The vision in the dream suddenly shifts from a static, threatening statue to a scene of rapid and dramatic destruction. The force that brings down this massive structure does not come from any human effort, but rather from a mysterious source that targets the monument's exact weak point. As Daniel speaks to the king, he brings back the most crucial and terrifying part of the dream that had slipped from the king's memory. While the king perfectly recalled the shape of the massive statue, he had completely forgotten the sudden appearance of a stone. It was this specific, forgotten detail that had originally filled him with such intense anxiety [מלבי״ם].
Daniel describes how the king was staring intently at the menacing figure [ביאור שטיינזלץ] when, without warning, a single stone was cut and separated from a larger rock [רש״י, יוסף אבן יחיא]. This dramatic severing of the stone is compared to the splitting of the Red Sea [אבן עזרא]. The most striking feature of this event is that the stone broke free entirely on its own. The primary approach among commentators is that no human hands quarried the rock or threw it; it moved and detached through an independent, miraculous force.

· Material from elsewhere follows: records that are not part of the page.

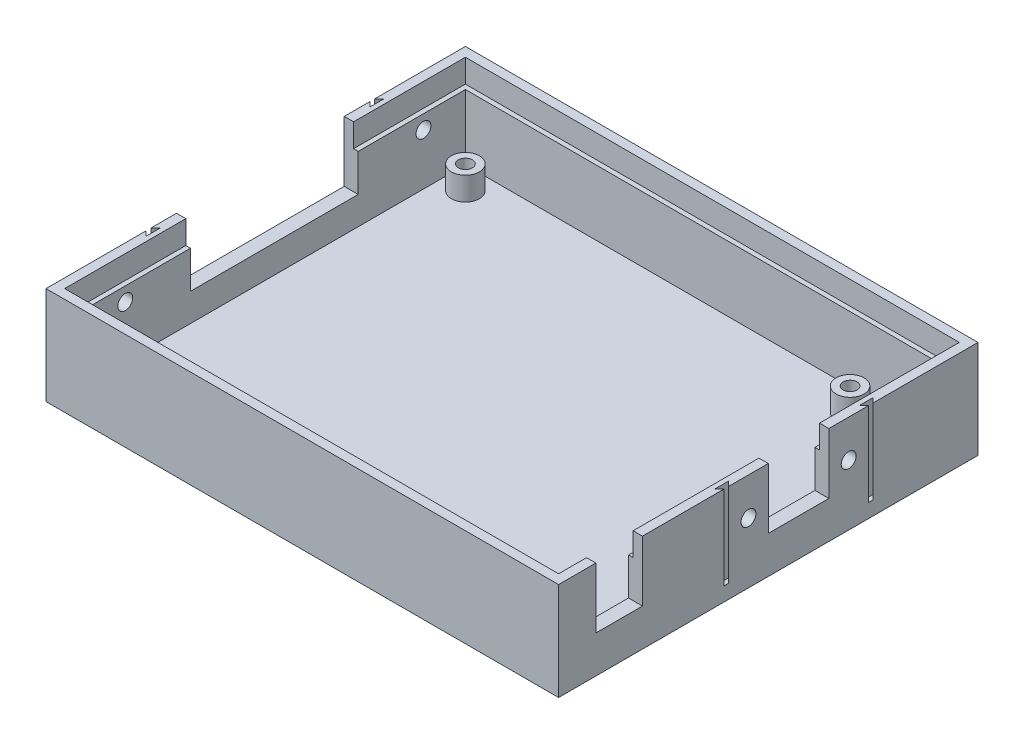
SolidWorks part; units mm, degrees
ref_plane "Alzado" through (0, 0, 0) normal (0, 0, 1) x (1, 0, 0)
ref_plane "Planta" through (0, 0, 0) normal (0, 1, 0) x (1, 0, 0)
ref_plane "Vista lateral" through (0, 0, 0) normal (1, 0, 0) x (0, 0, -1)
sketch "Croquis1" plane through (0, 0, 0) normal (0, 1, 0) x (1, 0, 0)
  line L1 (-51, -41) -> (51, -41) construction
  line L2 (-51, -41) -> (-51, 41) construction
  line L3 (-51, 41) -> (51, 41) construction
  line L4 (51, -41) -> (51, 41) construction
  line L5 (-51, -41) -> (51, 41) construction
  line L6 (-51, 41) -> (51, -41) construction
  line L7 (-55, -45) -> (55, -45)
  line L8 (-55, -45) -> (-55, 45)
  line L9 (-55, 45) -> (55, 45)
  line L10 (55, -45) -> (55, 45)
  line L11 (-55, -45) -> (55, 45) construction
  line L12 (-55, 45) -> (55, -45) construction
  point P0 (0, 0)
  point P6 (0, 0)
  dimension "D1" = 82
  dimension "D2" = 102
  dimension "D3" = 4
  dimension "D4" = 4
extrude "Saliente-Extruir1" add sketch "Croquis1" along normal blind 2
sketch "Croquis3" plane through (0, 2, 0) normal (0, 1, 0) x (1, 0, 0)
  line L0 (0, 0) -> (-51, 0) construction
  line L1 (-51, -41) -> (51, -41) construction
  line L2 (-51, -41) -> (-51, 41) construction
  line L3 (-51, 41) -> (51, 41) construction
  line L4 (51, -41) -> (51, 41) construction
  line L5 (-51, -41) -> (51, 41) construction
  line L6 (-51, 41) -> (51, -41) construction
  circle A0 centre (-47.19, -37.19) radius 3
  circle A1 centre (-47.19, 37.19) radius 3
  circle A2 centre (35.36, -37.19) radius 3
  circle A3 centre (35.36, 37.19) radius 3
  point P0 (0, 0)
  dimension "D3" = 6
  dimension "D4" = 3.81
  dimension "D5" = 3.81
  dimension "D6" = 6
  dimension "D7" = 86.36
  dimension "D8" = 3.81
  dimension "D1" = 82
  dimension "D2" = 102
extrude "Saliente-Extruir2" add sketch "Croquis3" along normal blind 5
sketch "Croquis4" plane through (0, 7, 0) normal (0, 1, 0) x (1, 0, 0)
  circle A0 centre (-47.19, -37.19) radius 1.5
  circle A1 centre (35.36, -37.19) radius 1.5
  circle A2 centre (35.36, 37.19) radius 1.5
  circle A3 centre (-47.19, 37.19) radius 1.5
  dimension "D1" = 3
  dimension "D2" = 3
  dimension "D3" = 3
  dimension "D4" = 3
extrude "Cortar-Extruir1" cut sketch "Croquis4" against normal blind 4
sketch "Croquis5" plane through (0, 2, 0) normal (0, 1, 0) x (1, 0, 0)
  line L0 (52, -37) -> (55, -37)
  line L1 (-55, -45) -> (55, -45)
  line L2 (-55, -45) -> (-55, -17)
  line L3 (-55, 45) -> (55, 45)
  line L4 (55, -45) -> (55, -37)
  line L5 (-55, -45) -> (55, 45) construction
  line L6 (-55, 45) -> (55, -45) construction
  line L7 (-52, -42) -> (52, -42)
  line L8 (-52, -42) -> (-52, -17)
  line L9 (-52, 42) -> (52, 42)
  line L10 (52, -42) -> (52, -37)
  line L11 (-52, -42) -> (52, 42) construction
  line L12 (-52, 42) -> (52, -42) construction
  line L13 (52, -27) -> (55, -27)
  line L14 (52, 13) -> (55, 13)
  line L15 (52, 0) -> (55, 0)
  line L16 (52, 13) -> (52, 42)
  line L17 (55, 13) -> (55, 45)
  line L18 (52, -27) -> (52, 0)
  line L19 (55, -27) -> (55, 0)
  line L20 (-52, -17) -> (-55, -17)
  line L21 (-55, 19) -> (-52, 19)
  line L22 (-52, 19) -> (-52, 42)
  line L23 (-55, 19) -> (-55, 45)
  point P0 (0, 0)
  point P7 (0, 0)
  dimension "D1" = 3
  dimension "D2" = 3
  dimension "D3" = 5
  dimension "D4" = 15
  dimension "D5" = 42
  dimension "D6" = 55
  dimension "D7" = 25
  dimension "D8" = 61
extrude "Saliente-Extruir3" add sketch "Croquis5" along normal blind 19
sketch "Croquis6" plane through (0, 2, 0) normal (0, 1, 0) x (1, 0, 0)
  line L0 (55, -27) -> (55, 0) construction
  line L1 (-52, 19) -> (-55, 19)
  line L2 (-52, 19) -> (-52, -17)
  line L3 (-52, -17) -> (-55, -17)
  line L4 (-55, 19) -> (-55, -17)
  line L5 (52, 13) -> (55, 13)
  line L6 (52, 13) -> (52, 0)
  line L7 (52, 0) -> (55, 0)
  line L8 (55, 13) -> (55, 0)
  line L9 (55, 0) -> (52, 0) construction
  line L11 (52, -27) -> (55, -27)
  line L12 (52, -27) -> (52, -37)
  line L13 (52, -37) -> (55, -37)
  line L14 (55, -27) -> (55, -37)
extrude "Saliente-Extruir4" add sketch "Croquis6" along normal blind 6
sketch "Croquis7" plane through (0, 21, 0) normal (0, 1, 0) x (1, 0, 0)
  line L0 (-53, -43) -> (-53, 43)
  line L1 (-52, -42) -> (52, -42)
  line L2 (-52, -42) -> (-52, 42)
  line L3 (-52, 42) -> (52, 42)
  line L4 (52, -42) -> (52, 42)
  line L5 (-53, 43) -> (53, 43)
  line L6 (53, -43) -> (53, 43)
  line L7 (-53, -43) -> (53, -43)
  dimension "D1" = 1
extrude "Cortar-Extruir2" cut sketch "Croquis7" against normal blind 5
sketch "Croquis8" plane through (0, 21, 0) normal (0, 1, 0) x (1, 0, 0)
  line L0 (55, -27) -> (55, 0) construction
  line L1 (55, -8.5) -> (54, -7.5)
  line L2 (54, -7.5) -> (54, -10.5)
  line L3 (54, -10.5) -> (55, -9.5)
  line L4 (55, -9.5) -> (55, -8.5)
  line L5 (54, -9) -> (55, -9) construction
  line L6 (52, 0) -> (55, 0) construction
  line L7 (55, 6.5) -> (52, 6.5) construction
  line L8 (55, 0) -> (55, 13) construction
  line L9 (52, 42) -> (52, -42) construction
  line L10 (54, 22) -> (55, 22) construction
  line L11 (55, 22.5) -> (55, 21.5)
  line L12 (54, 23.5) -> (55, 22.5)
  line L13 (54, 20.5) -> (54, 23.5)
  line L14 (55, 21.5) -> (54, 20.5)
  point P5 (54, -9)
  dimension "D1" = 1
  dimension "D2" = 1
  dimension "D3" = 45
  dimension "D4" = 9
extrude "Cortar-Extruir3" cut sketch "Croquis8" against normal blind 18
sketch "Croquis9" plane through (55, 0, 0) normal (1, 0, 0) x (0, 0, -1)
  line L0 (-8.5, 21) -> (0, 21) construction
  line L1 (-4.25, 13) -> (-4.25, 21) construction
  line L2 (6.5, 8) -> (6.5, 15) construction
  line L3 (0, 8) -> (13, 8) construction
  circle A0 centre (-4.25, 13) radius 1.6
  circle A1 centre (17.25, 13) radius 1.6
  dimension "D1" = 3.2
  dimension "D2" = 8
  dimension "D3" = 10.75
extrude "Cortar-Extruir4" cut sketch "Croquis9" against normal blind 12
sketch "Croquis11" plane through (0, 21, 0) normal (0, 1, 0) x (1, 0, 0)
  line L0 (-55, -22.5) -> (-54, -21.5)
  line L1 (-55, -17) -> (-55, -45) construction
  line L2 (-54, -21.5) -> (-54, -24.5)
  line L3 (-54, -24.5) -> (-55, -23.5)
  line L4 (-55, -23.5) -> (-55, -22.5)
  line L5 (-55, -23) -> (-54, -23) construction
  line L6 (-55, 1) -> (-52, 1) construction
  line L7 (-55, 19) -> (-55, -17) construction
  line L8 (-52, -17) -> (-52, 19) construction
  line L9 (-55, -17) -> (-52, -17) construction
  line L10 (-55, 25) -> (-54, 25) construction
  line L11 (-55, 25.5) -> (-55, 24.5)
  line L12 (-54, 26.5) -> (-55, 25.5)
  line L13 (-54, 23.5) -> (-54, 26.5)
  line L14 (-55, 24.5) -> (-54, 23.5)
  dimension "D1" = 1
  dimension "D2" = 1
  dimension "D3" = 45
  dimension "D4" = 45
  dimension "D5" = 6
extrude "Cortar-Extruir5" cut sketch "Croquis11" against normal blind 18
sketch "Croquis13" plane through (55, 0, 0) normal (1, 0, 0) x (0, 0, -1)
  line L1 (-9.5, 3) -> (-9.5, 18.9094) construction
  line L2 (22.5, 3) -> (22.5, 18.9094) construction
  dimension "D1" = 32
sketch "Croquis14" plane through (-55, 0, 0) normal (-1, 0, 0) x (0, 0, 1)
  line L0 (-45, 21) -> (-25.5, 21) construction
  line L1 (-1, 8) -> (-1, 28.6536) construction
  line L2 (-19, 8) -> (17, 8) construction
  circle A0 centre (-33, 13) radius 1.6
  circle A2 centre (31, 13) radius 1.6
  dimension "D1" = 3.2
  dimension "D2" = 8
  dimension "D3" = 32
extrude "Cortar-Extruir6" cut sketch "Croquis14" against normal blind 10
equation "\"D2@Croquis4\"=\"D1@Croquis4\""
equation "\"D3@Croquis4\"=\"D1@Croquis4\""
equation "\"D4@Croquis4\"=\"D1@Croquis4\""

Continuing its flight, this wondrous stone hurtled toward the statue. It bypassed the rest of the massive figure and landed a precise, devastating blow directly on its feet, which were forged from a fragile mixture of iron and clay. The impact was so fierce that the stone completely crushed, ground down, and shattered the base of the statue into pieces [רש״י, יוסף אבן יחיא, ביאור שטיינזלץ].